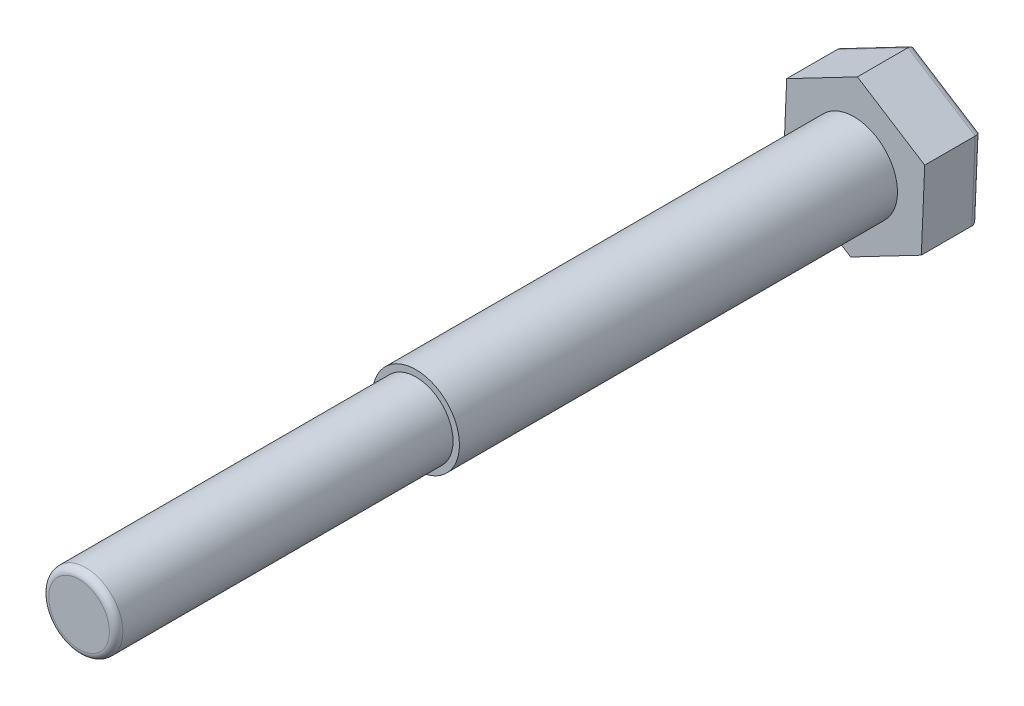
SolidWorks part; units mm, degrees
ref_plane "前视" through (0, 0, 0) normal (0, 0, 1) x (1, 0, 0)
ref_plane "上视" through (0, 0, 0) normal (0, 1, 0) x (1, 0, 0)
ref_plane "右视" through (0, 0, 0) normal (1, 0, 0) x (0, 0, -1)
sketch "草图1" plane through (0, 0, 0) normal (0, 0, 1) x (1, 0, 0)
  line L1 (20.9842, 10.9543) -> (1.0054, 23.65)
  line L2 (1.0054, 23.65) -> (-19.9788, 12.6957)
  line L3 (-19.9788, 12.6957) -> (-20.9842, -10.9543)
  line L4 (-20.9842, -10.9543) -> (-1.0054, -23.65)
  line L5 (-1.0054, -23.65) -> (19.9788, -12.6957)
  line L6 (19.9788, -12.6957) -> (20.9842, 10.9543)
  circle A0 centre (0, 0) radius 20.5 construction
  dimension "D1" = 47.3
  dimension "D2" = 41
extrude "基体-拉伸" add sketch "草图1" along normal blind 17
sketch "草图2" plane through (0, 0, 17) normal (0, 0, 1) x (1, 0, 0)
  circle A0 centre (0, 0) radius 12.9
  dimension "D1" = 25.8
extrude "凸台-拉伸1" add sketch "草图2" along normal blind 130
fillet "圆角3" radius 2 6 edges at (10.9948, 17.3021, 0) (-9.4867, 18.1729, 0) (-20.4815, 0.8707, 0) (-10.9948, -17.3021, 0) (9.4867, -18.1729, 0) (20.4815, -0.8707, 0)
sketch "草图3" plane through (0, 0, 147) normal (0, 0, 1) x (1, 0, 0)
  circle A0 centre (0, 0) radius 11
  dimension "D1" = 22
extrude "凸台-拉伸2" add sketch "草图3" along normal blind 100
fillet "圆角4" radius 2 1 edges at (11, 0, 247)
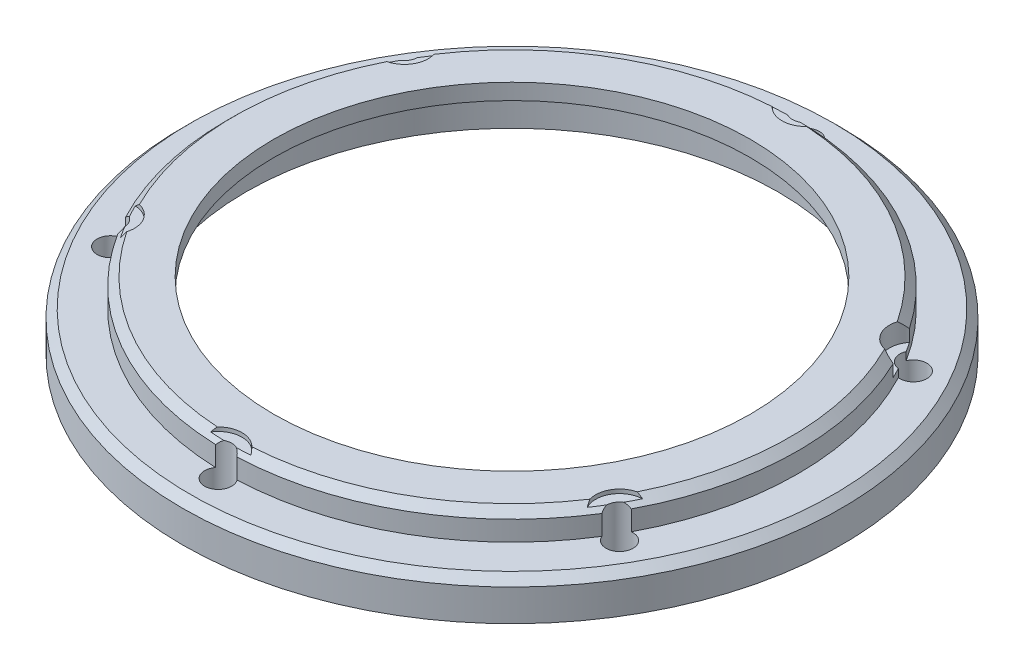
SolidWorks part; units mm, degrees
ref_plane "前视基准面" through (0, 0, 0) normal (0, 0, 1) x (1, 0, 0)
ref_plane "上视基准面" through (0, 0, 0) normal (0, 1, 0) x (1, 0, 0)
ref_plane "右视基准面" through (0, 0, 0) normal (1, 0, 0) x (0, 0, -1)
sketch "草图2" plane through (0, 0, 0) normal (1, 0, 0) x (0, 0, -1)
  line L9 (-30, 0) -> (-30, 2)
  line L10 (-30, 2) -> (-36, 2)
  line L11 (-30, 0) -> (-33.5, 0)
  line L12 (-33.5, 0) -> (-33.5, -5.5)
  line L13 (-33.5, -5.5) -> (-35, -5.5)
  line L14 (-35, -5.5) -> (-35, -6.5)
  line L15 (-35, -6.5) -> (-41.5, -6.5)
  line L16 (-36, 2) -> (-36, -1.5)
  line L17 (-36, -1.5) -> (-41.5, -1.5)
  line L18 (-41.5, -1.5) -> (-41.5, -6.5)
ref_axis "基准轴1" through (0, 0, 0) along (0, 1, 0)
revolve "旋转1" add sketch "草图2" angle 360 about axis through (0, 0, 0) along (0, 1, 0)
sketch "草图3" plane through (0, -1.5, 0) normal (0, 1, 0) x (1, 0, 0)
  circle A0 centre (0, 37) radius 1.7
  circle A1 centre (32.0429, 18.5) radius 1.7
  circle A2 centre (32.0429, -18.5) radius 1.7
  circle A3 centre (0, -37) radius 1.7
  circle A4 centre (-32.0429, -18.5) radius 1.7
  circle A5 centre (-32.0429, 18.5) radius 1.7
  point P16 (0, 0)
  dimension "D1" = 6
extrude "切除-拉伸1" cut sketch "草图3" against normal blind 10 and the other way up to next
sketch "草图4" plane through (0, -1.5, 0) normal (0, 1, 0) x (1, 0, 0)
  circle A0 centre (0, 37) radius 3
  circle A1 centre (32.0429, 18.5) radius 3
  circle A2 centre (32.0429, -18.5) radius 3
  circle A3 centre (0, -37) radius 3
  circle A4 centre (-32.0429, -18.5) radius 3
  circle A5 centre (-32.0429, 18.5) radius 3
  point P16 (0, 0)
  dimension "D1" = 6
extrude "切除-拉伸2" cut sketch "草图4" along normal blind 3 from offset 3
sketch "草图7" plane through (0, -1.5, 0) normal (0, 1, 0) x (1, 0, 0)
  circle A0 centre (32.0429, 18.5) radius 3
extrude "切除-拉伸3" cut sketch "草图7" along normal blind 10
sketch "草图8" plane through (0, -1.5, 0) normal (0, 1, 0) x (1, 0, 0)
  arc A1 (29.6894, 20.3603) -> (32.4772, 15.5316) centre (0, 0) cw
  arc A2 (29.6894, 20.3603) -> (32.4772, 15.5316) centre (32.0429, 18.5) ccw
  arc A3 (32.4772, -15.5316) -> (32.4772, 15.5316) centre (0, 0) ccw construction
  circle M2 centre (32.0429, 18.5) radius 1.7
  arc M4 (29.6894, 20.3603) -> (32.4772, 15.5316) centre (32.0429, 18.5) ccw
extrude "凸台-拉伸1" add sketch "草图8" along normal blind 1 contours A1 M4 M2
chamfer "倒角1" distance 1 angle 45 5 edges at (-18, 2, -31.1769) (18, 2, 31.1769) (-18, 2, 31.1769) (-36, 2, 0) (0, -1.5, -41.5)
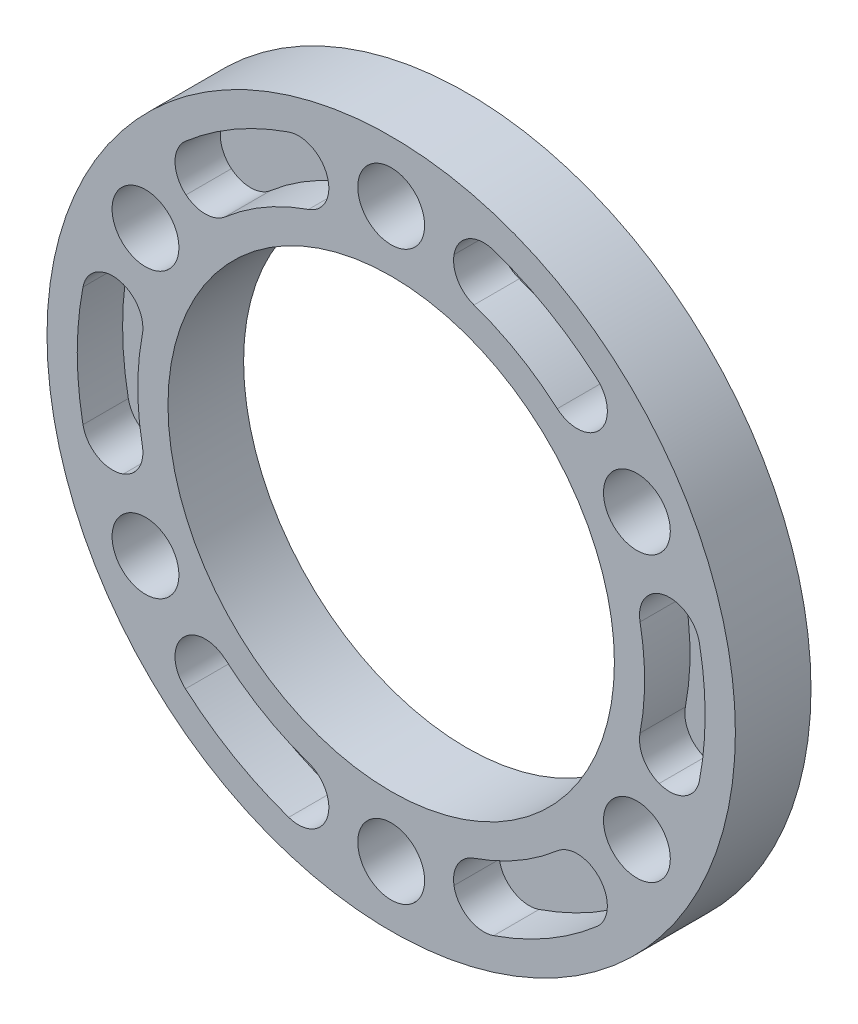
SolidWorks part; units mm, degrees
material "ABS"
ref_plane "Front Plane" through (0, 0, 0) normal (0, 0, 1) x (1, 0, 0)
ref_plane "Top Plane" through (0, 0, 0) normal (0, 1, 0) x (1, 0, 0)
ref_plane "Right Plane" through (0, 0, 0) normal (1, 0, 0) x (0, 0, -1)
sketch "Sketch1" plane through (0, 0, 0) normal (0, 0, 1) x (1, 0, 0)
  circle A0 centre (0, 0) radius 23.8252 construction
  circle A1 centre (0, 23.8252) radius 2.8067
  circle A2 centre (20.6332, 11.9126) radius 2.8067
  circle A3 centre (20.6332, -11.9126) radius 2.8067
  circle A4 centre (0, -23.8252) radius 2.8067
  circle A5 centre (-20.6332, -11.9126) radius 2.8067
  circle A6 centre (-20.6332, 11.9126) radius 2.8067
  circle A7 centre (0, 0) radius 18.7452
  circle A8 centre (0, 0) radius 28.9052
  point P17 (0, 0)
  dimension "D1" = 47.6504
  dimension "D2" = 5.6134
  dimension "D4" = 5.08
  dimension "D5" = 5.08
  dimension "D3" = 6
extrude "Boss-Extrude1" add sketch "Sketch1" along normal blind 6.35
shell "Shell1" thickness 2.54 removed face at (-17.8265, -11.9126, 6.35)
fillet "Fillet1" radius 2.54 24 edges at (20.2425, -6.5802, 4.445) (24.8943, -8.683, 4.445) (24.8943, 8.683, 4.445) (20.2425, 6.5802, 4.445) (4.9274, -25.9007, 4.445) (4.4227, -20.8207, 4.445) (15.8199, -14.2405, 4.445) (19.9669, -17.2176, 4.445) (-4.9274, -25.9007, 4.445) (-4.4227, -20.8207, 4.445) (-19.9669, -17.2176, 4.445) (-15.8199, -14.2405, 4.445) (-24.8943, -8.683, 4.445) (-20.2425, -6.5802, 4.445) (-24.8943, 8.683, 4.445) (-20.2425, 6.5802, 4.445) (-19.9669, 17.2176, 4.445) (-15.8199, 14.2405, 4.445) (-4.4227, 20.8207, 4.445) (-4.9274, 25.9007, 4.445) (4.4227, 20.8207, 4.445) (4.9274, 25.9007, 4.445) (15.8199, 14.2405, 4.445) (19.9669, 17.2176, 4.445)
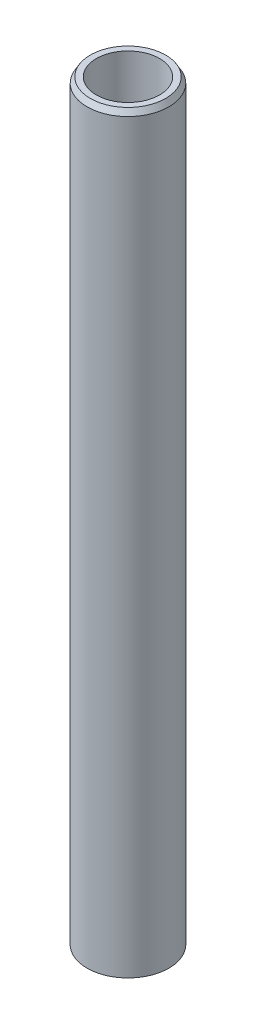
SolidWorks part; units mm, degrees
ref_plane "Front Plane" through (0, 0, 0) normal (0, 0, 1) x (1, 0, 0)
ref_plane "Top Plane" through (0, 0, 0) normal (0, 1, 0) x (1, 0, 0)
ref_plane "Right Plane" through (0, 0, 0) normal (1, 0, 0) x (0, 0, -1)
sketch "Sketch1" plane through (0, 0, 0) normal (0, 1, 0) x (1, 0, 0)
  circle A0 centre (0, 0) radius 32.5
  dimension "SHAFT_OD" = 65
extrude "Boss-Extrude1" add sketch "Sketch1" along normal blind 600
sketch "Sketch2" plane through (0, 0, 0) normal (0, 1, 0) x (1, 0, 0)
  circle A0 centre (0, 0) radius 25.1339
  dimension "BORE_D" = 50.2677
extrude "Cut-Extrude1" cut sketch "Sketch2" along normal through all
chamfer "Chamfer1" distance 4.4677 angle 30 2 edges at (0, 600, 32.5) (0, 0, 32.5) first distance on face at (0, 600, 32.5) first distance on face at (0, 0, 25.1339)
----
* **The problem**
Lines in the records above that carry the word "distance" are to be located and copied.

* **Solved exercise**
chamfer "倒角1" distance 1 angle 45 5 edges at (-18, 2, -31.1769) (18, 2, 31.1769) (-18, 2, 31.1769) (-36, 2, 0) (0, -1.5, -41.5)
chamfer "Chamfer1" distance 4.4677 angle 30 2 edges at (0, 600, 32.5) (0, 0, 32.5) first distance on face at (0, 600, 32.5) first distance on face at (0, 0, 25.1339)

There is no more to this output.